**TASK PROMPT**
Aside from the pictures, the entries should be given again exactly.

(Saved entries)
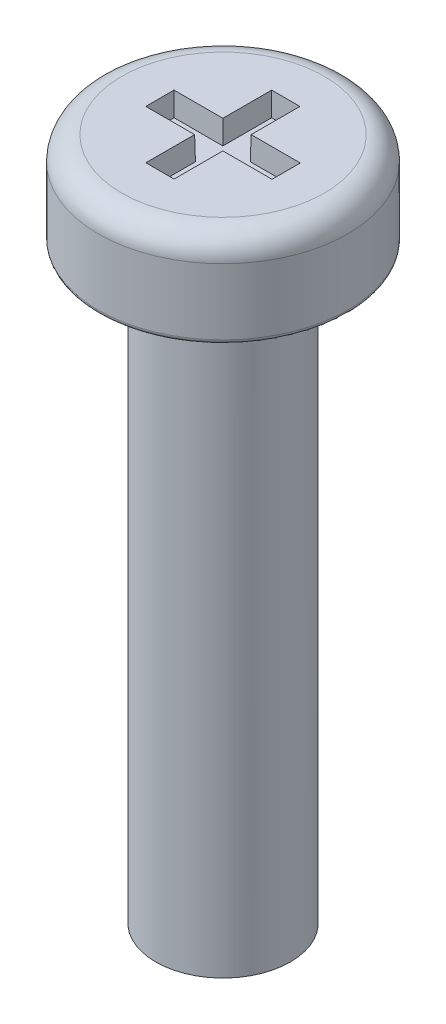
from build123d import *

# Parameters (mm, degrees)
SKETCH1_R           = 2.65
BOSS_EXTRUDE1_DEPTH = 2
SKETCH2_R           = 1.43
BOSS_EXTRUDE2_DEPTH = 12.5
FILLET1_R           = 0.5
FILLET2_R           = 0.1
CUT_EXTRUDE1_DEPTH  = 0.5
CUT_EXTRUDE1_TAPER  = 1


with BuildPart() as part:
    # Sketch1 → Boss-Extrude1 (new body)
    with BuildSketch(Plane(origin=(0, 0, 0), x_dir=(1, 0, 0), z_dir=(0, 1, 0))):
        Circle(SKETCH1_R)
    extrude(amount=BOSS_EXTRUDE1_DEPTH)

    # Sketch2 → Boss-Extrude2 (add)
    with BuildSketch(Plane.XZ):
        Circle(SKETCH2_R)
    extrude(amount=BOSS_EXTRUDE2_DEPTH)

    # Fillet1
    fillet1_edges = [part.edges().sort_by_distance(p)[0] for p in [
        (-2.65, 2, 0),
    ]]
    fillet(fillet1_edges, radius=FILLET1_R)

    # Fillet2
    fillet2_edges = [part.edges().sort_by_distance(p)[0] for p in [
        (-2.65, 0, 0),
    ]]
    fillet(fillet2_edges, radius=FILLET2_R)

    # Sketch3 → Cut-Extrude1 (cut)
    with BuildSketch(Plane(origin=(0, 2, 0), x_dir=(1, 0, 0), z_dir=(0, 1, 0))):
        Polygon((0.296573117, 0.3), (0.296573117, 1.336133674), (-0.303426883, 1.336133674), (-0.303426883, 0.3), (-1.340662941, 0.3), (-1.340662941, -0.3), (-0.303426883, -0.3), (-0.303426883, -1.336133674), (0.296573117, -1.336133674), (0.296573117, -0.3), (1.340662941, -0.3), (1.340662941, 0.3), align=None)
    extrude(amount=-CUT_EXTRUDE1_DEPTH, taper=CUT_EXTRUDE1_TAPER, mode=Mode.SUBTRACT)


solid = part.part
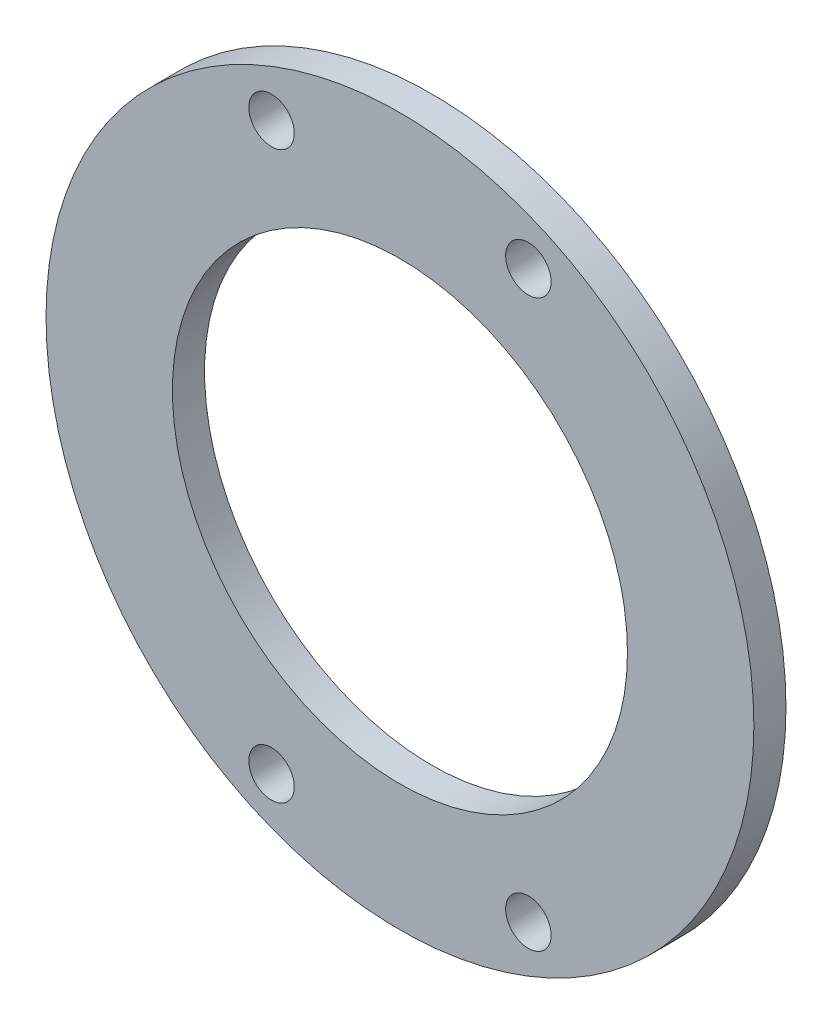
from build123d import *

# Parameters (mm, degrees)
SKETCH2_R            = 35
SKETCH2_R_2          = 22.5
BOSS_EXTRUDE1_DEPTH  = 3.175
M4_CLEARANCE_HOLE1_D = 4.5


with BuildPart() as part:
    # Sketch2 → Boss-Extrude1 (new body)
    with BuildSketch(Plane.XY):
        Circle(SKETCH2_R)
        Circle(SKETCH2_R_2, mode=Mode.SUBTRACT)
    extrude(amount=BOSS_EXTRUDE1_DEPTH)

    # M4 Clearance Hole1 (through all)
    with Locations(Plane(origin=(0, 0, 0), x_dir=(-1, 0, 0), z_dir=(0, 0, -1))):
        with Locations((-12.7, 27.9796875), (12.7, 27.9796875), (12.7, -27.9796875), (-12.7, -27.9796875)):
            Hole(M4_CLEARANCE_HOLE1_D / 2)


solid = part.part

**RESPONSE**
from build123d import *

# Parameters (mm, degrees)
SKETCH1_R           = 2.65
BOSS_EXTRUDE1_DEPTH = 2
SKETCH2_R           = 1.43
BOSS_EXTRUDE2_DEPTH = 12.5
FILLET1_R           = 0.5
FILLET2_R           = 0.1
CUT_EXTRUDE1_DEPTH  = 0.5
CUT_EXTRUDE1_TAPER  = 1


with BuildPart() as part:
    # Sketch1 → Boss-Extrude1 (new body)
    with BuildSketch(Plane(origin=(0, 0, 0), x_dir=(1, 0, 0), z_dir=(0, 1, 0))):
        Circle(SKETCH1_R)
    extrude(amount=BOSS_EXTRUDE1_DEPTH)

    # Sketch2 → Boss-Extrude2 (add)
    with BuildSketch(Plane.XZ):
        Circle(SKETCH2_R)
    extrude(amount=BOSS_EXTRUDE2_DEPTH)

    # Fillet1
    fillet1_edges = [part.edges().sort_by_distance(p)[0] for p in [
        (-2.65, 2, 0),
    ]]
    fillet(fillet1_edges, radius=FILLET1_R)

    # Fillet2
    fillet2_edges = [part.edges().sort_by_distance(p)[0] for p in [
        (-2.65, 0, 0),
    ]]
    fillet(fillet2_edges, radius=FILLET2_R)

    # Sketch3 → Cut-Extrude1 (cut)
    with BuildSketch(Plane(origin=(0, 2, 0), x_dir=(1, 0, 0), z_dir=(0, 1, 0))):
        Polygon((0.296573117, 0.3), (0.296573117, 1.336133674), (-0.303426883, 1.336133674), (-0.303426883, 0.3), (-1.340662941, 0.3), (-1.340662941, -0.3), (-0.303426883, -0.3), (-0.303426883, -1.336133674), (0.296573117, -1.336133674), (0.296573117, -0.3), (1.340662941, -0.3), (1.340662941, 0.3), align=None)
    extrude(amount=-CUT_EXTRUDE1_DEPTH, taper=CUT_EXTRUDE1_TAPER, mode=Mode.SUBTRACT)


solid = part.part
from build123d import *

# Parameters (mm, degrees)
SKETCH2_R            = 35
SKETCH2_R_2          = 22.5
BOSS_EXTRUDE1_DEPTH  = 3.175
M4_CLEARANCE_HOLE1_D = 4.5


with BuildPart() as part:
    # Sketch2 → Boss-Extrude1 (new body)
    with BuildSketch(Plane.XY):
        Circle(SKETCH2_R)
        Circle(SKETCH2_R_2, mode=Mode.SUBTRACT)
    extrude(amount=BOSS_EXTRUDE1_DEPTH)

    # M4 Clearance Hole1 (through all)
    with Locations(Plane(origin=(0, 0, 0), x_dir=(-1, 0, 0), z_dir=(0, 0, -1))):
        with Locations((-12.7, 27.9796875), (12.7, 27.9796875), (12.7, -27.9796875), (-12.7, -27.9796875)):
            Hole(M4_CLEARANCE_HOLE1_D / 2)


solid = part.part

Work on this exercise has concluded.